Making Marathi cool: "Aai inculcated in me a pride for Maharashtrian cuisine via a vocabulary that was easy for a child to appreciate. She would make bhakris and stuff them with a filling—some leftover bhaaji or a chutney mixed with fresh homemade butter. How different is that from a pita, she would ask? When a cuisine is glorified, there is an aspirational value attached to it." Aai always proudly served Marathi fare even to her friends when they dropped in from college, remembers Saee, who did a pop-up at Pot Pourri in Chembur and Vashi in an attempt challenge culinary class vocabulary by serving bar food on the lines of tostada thalipeeth and sabudana poppers.

Recipe
The fraying pages of aai's recipe book holds details of measures of ingredients for various pickles 

Sumati, confesses she has never been a big cook. "I haven't made a single puran poli in my life. I am happy to Saee taking this up as a profession and passion. We are so proud of her." Saee quickly adds, "They are both modest. If she could, Amma would dabble with paint all day and Aai would read. But I can never achieve the taste of chutneys and pickles close to what they make even if I tried."

This household makes its own goda masala among other things, and their recipes don't use dagad phool (mountain moss) because a certain family member was once prone to acidity. "In those days, when shahjeera was a rarity, we would tweak recipes to avoid using it. One must learn to cook with available ingredients," says aai.

We ask about the Dumpokta, a recipe with a name that has a Mughal ring to it. It is a spicy vegetarian curry with small potatoes, brinjals and onions. While it is not a traditional Maharashtrian dish, it is a house specialty. "My great grandfather's mama was posted in a royal family. When he tasted this curry with saffron and spice yogurt, he created a vegetarian version rich with ghee and no water. He added coconut to give it some body."

MarathiSaee’s morning breakfast of thali peeth, homemade butter, Khandeshi thecha, vaatli dal and khandvi

What's for breakfast? The conversation moves to the table where breakfast has been laid out. Hand flattened kadak thali peeth with spring onion thecha that cook, Meera bai, has pounded. "This is a typical rendition of thecha from her village in Jalgaon, Khandesh," says Saee.

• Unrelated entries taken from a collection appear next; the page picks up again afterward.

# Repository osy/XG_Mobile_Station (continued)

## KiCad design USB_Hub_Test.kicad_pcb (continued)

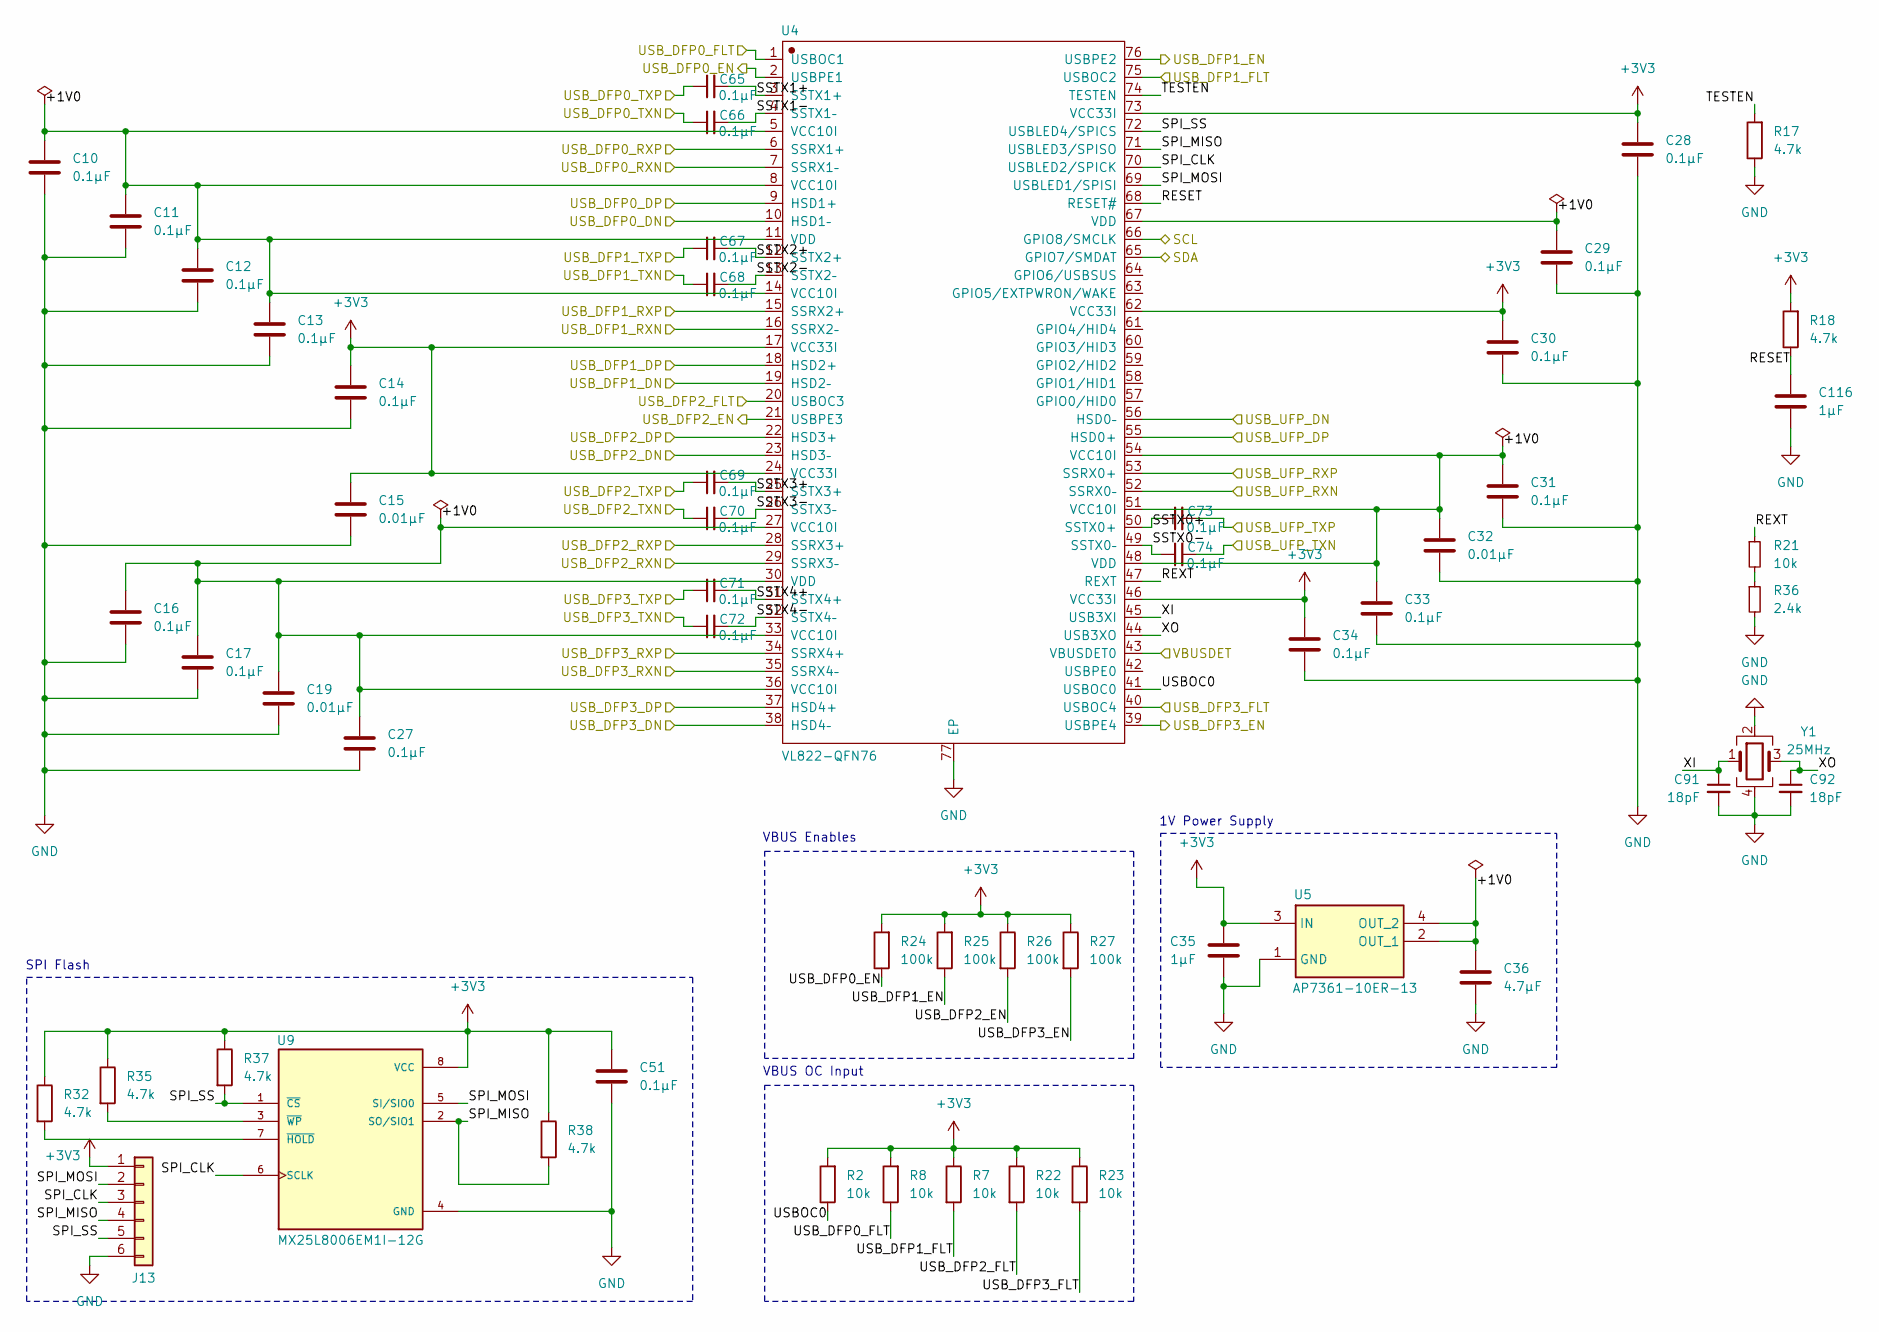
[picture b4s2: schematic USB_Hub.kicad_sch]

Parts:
C10, C11, C12, C13, C14, C16, C17, C27, C28, C29, C30, C31, C33, C34, C51, C65, C66, C67, C68, C69, C70, C71, C72, C73, C74: 0.1µF; C_0402_1005Metric; Part_Number CL05B104KB54PNC; LCSC C307331
C15, C19, C32: 0.01µF; C_0402_1005Metric; Part_Number CL05B103KB5NNNC; LCSC C15195
C35: 1µF; C_0603_1608Metric; Part_Number CL10A105KB8NNNC; LCSC C15849
C36: 4.7μF; C_0603_1608Metric; Part_Number CL10A475KO8NNNC; LCSC C19666
C91, C92: 18pF; C_0603_1608Metric; Part_Number CL10C180JB8NNNC; LCSC C1647
C116: 1µF; C_0402_1005Metric; Part_Number CL05A105KA5NQNC; LCSC C52923
J13: Conn_01x06; PinHeader_1x06_P2.54mm_Vertical; Part_Number 2.54-1*6; LCSC C5156615
R2, R7, R8, R21, R22, R23: 10k; R_0402_1005Metric; Part_Number 0402WGF1002TCE; LCSC C25744
R17, R18, R32, R35, R37, R38: 4.7k; R_0402_1005Metric; Part_Number 0402WGF4701TCE; LCSC C25900
R24, R25, R26, R27: 100k; R_0402_1005Metric; Part_Number 0402WGF1003TCE; LCSC C25741
R36: 2.4k; R_0402_1005Metric; Part_Number 0402WGF2401TCE; LCSC C25882
U4: VL822-QFN76; Part_Number VL822-QFN76; LCSC C2841047
U5: AP7361-10ER-13; SOT230P700X180-4N; Part_Number AP7361-10ER-13; LCSC C460389
U9: MX25L8006EM1I-12G; PARTREV 1.6; LCSC C106262
Y1: 25MHz; Crystal_SMD_3225-4Pin_3.2x2.5mm; Part_Number X322525MOB4SI; LCSC C9006

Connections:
+3V3: C14.1, C15.1, C28.1, C30.1, C34.1, C35.1, C51.1, J13.1, R2.2, R7.1, R8.2, R18.2, R22.1, R23.1, R24.2, R25.2, R26.1, R27.1, R32.1, R35.1, R37.1, R38.1, U4.17 (VCC33I), U4.24 (VCC33I), U4.46 (VCC33I), U4.62 (VCC33I), U4.73 (VCC33I), U5.3 (IN), U9.8 (VCC); also elsewhere on the board
/USB Hub/+1V0: C10.1, C11.1, C12.1, C13.1, C16.1, C17.1, C19.1, C27.1, C29.1, C31.1, C32.1, C33.1, C36.1, U4.5 (VCC10I), U4.8 (VCC10I), U4.11 (VDD), U4.14 (VCC10I), U4.27 (VCC10I), U4.30 (VDD), U4.33 (VCC10I), U4.36 (VCC10I), U4.48 (VDD), U4.51 (VCC10I), U4.54 (VCC10I), U4.67 (VDD), U5.2 (OUT_1), U5.4 (OUT_2)
/USB Hub/CS: J13.5, R37.2, U4.72 (USBLED4/SPICS), U9.1 (~CS); also elsewhere on the board
/USB Hub/MISO: J13.4, R38.2, U4.71 (USBLED3/SPISO), U9.2 (SO/SIO1); also elsewhere on the board
/USB Hub/MOSI: J13.2, U4.69 (USBLED1/SPISI), U9.5 (SI/SIO0); also elsewhere on the board
/USB Hub/RESET: C116.1, R18.1, U4.68 (RESET#)
/USB Hub/REXT: R21.1, U4.47 (REXT)
/USB Hub/SCL: U4.66 (GPIO8/SMCLK); also elsewhere on the board
/USB Hub/SCLK: J13.3, U4.70 (USBLED2/SPICK), U9.6 (SCLK); also elsewhere on the board
/USB Hub/SDA: U4.65 (GPIO7/SMDAT); also elsewhere on the board
/USB Hub/SSTX0+: C73.1, U4.50 (SSTX0+)
/USB Hub/SSTX0-: C74.1, U4.49 (SSTX0–)
/USB Hub/SSTX1+: C65.2, U4.3 (SSTX1+)
/USB Hub/SSTX1-: C66.2, U4.4 (SSTX1–)
/USB Hub/SSTX2+: C67.2, U4.12 (SSTX2+)
/USB Hub/SSTX2-: C68.2, U4.13 (SSTX2–)
/USB Hub/SSTX3+: C69.2, U4.25 (SSTX3+)
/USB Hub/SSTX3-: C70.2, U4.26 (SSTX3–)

The menu for the morning is vaatli dal and suji khandvi, a sweet dish made with semolina, smothered with a dollop of home-made butter.

Aai points out, "Cooking at home is like pursuing a career. You have to give it your all. If you do the same thing every day, you will improve." Almost like running a restaurant we tell her. She nods, slipping another Thalipeeth into our plate.

Khandvi (rice and jaggery squares)

Serves 4

  • 1 cup rice semolina (idli rava)
  • 2 ½ cups water
  • 2 tbsp ghee + a little extra for greasing
  • ½ cup jaggery or as per taste
  • ½ cup fresh coconut, scraped
  • ½ tsp green gram cardamom powder

Grease a tray or thali with a few drops of ghee and set it aside.

Put the jaggery and water in a saucepan and bring to gentle boil until the jaggery melts. Keep warm until required.

Heat the ghee in a kadhai. Add the semolina and roast over a low flame until it is fragrant and turns slightly pinkish. Add almost all the fresh coconut, reserving some for garnish, and pour in the jaggery water. Mix well to ensure there are no lumps. Cover and cook until the semolina is cooked through and no opague centre is seen, (about five minutes).

Add the cardamom powder, mix well and turn off the heat. At this point, the mixture should come together in a ball. If it is too dry, sprinkle a little water and mix again.

Put the mixture into the greased tray and spread to an even thickness (about half an inch) using a spatula or the back of a bowl. Sprinkle the reserved coconut on top and press it down lightly. Cool for 12 minutes. Cut into squares or diamonds and serve.